- **What you have to do**: Scan the material for the word "sketch" and return every matching line.

- **Data extract**:
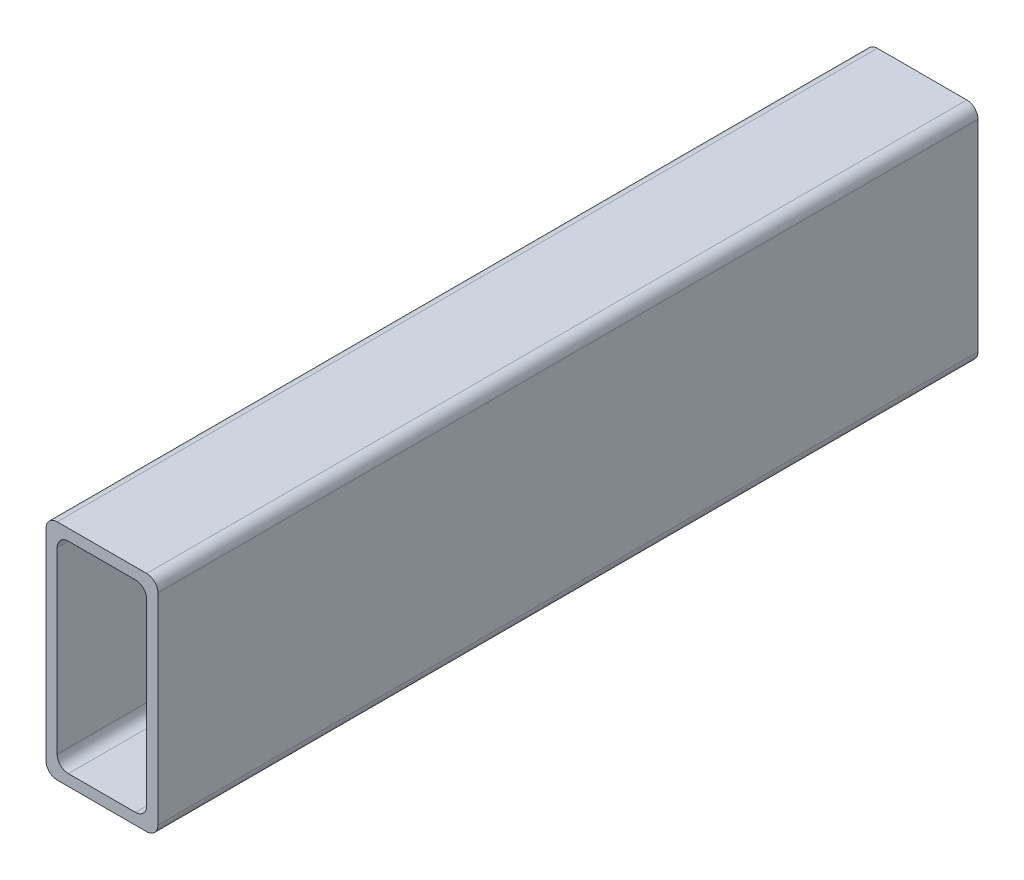
SolidWorks part; units mm, degrees
ref_plane "Płaszczyzna przednia" through (0, 0, 0) normal (0, 0, 1) x (1, 0, 0)
ref_plane "Płaszczyzna górna" through (0, 0, 0) normal (0, 1, 0) x (1, 0, 0)
ref_plane "Płaszczyzna prawa" through (0, 0, 0) normal (1, 0, 0) x (0, 0, -1)
sketch "Szkic1" plane through (0, 0, 0) normal (0, 0, 1) x (1, 0, 0)
  line L0 (-9, 27) -> (9, 27)
  line L1 (-12, -30) -> (12, -30)
  line L2 (-15, -27) -> (-15, 27)
  line L3 (-12, 30) -> (12, 30)
  line L4 (15, -27) -> (15, 27)
  line L5 (-15, -30) -> (15, 30) construction
  line L6 (-15, 30) -> (15, -30) construction
  line L7 (12, -24) -> (12, 24)
  line L8 (-9, -27) -> (9, -27)
  line L9 (-12, -24) -> (-12, 24)
  line L10 (-12, -27) -> (-12, 27) construction
  line L11 (-12, -27) -> (12, -27) construction
  line L12 (12, -27) -> (12, 27) construction
  line L13 (-12, 27) -> (12, 27) construction
  arc A0 (-15, 27) -> (-12, 30) centre (-12, 27) cw
  arc A1 (-12, -30) -> (-15, -27) centre (-12, -27) cw
  arc A2 (12, -30) -> (15, -27) centre (12, -27) ccw
  arc A3 (12, 30) -> (15, 27) centre (12, 27) cw
  arc A8 (-12, -24) -> (-9, -27) centre (-9, -24) ccw
  arc A9 (-12, -27) -> (-12, -27) centre (-12, -27) cw construction
  arc A10 (12, -24) -> (9, -27) centre (9, -24) cw
  arc A11 (12, -27) -> (12, -27) centre (12, -27) ccw construction
  arc A12 (-12, 24) -> (-9, 27) centre (-9, 24) cw
  arc A13 (-12, 27) -> (-12, 27) centre (-12, 27) cw construction
  arc A14 (9, 27) -> (12, 24) centre (9, 24) cw
  arc A15 (12, 27) -> (12, 27) centre (12, 27) cw construction
  point P0 (0, 0)
  dimension "D3" = 3
  dimension "D5" = 3
  dimension "D1" = 30
  dimension "D2" = 60
  dimension "D4" = 3
extrude "Dodanie-wyciągnięcie1" add sketch "Szkic1" along normal blind 220

- **Answer box**:
sketch "Szkic1" plane through (0, 0, 0) normal (0, 0, 1) x (1, 0, 0)
extrude "Dodanie-wyciągnięcie1" add sketch "Szkic1" along normal blind 220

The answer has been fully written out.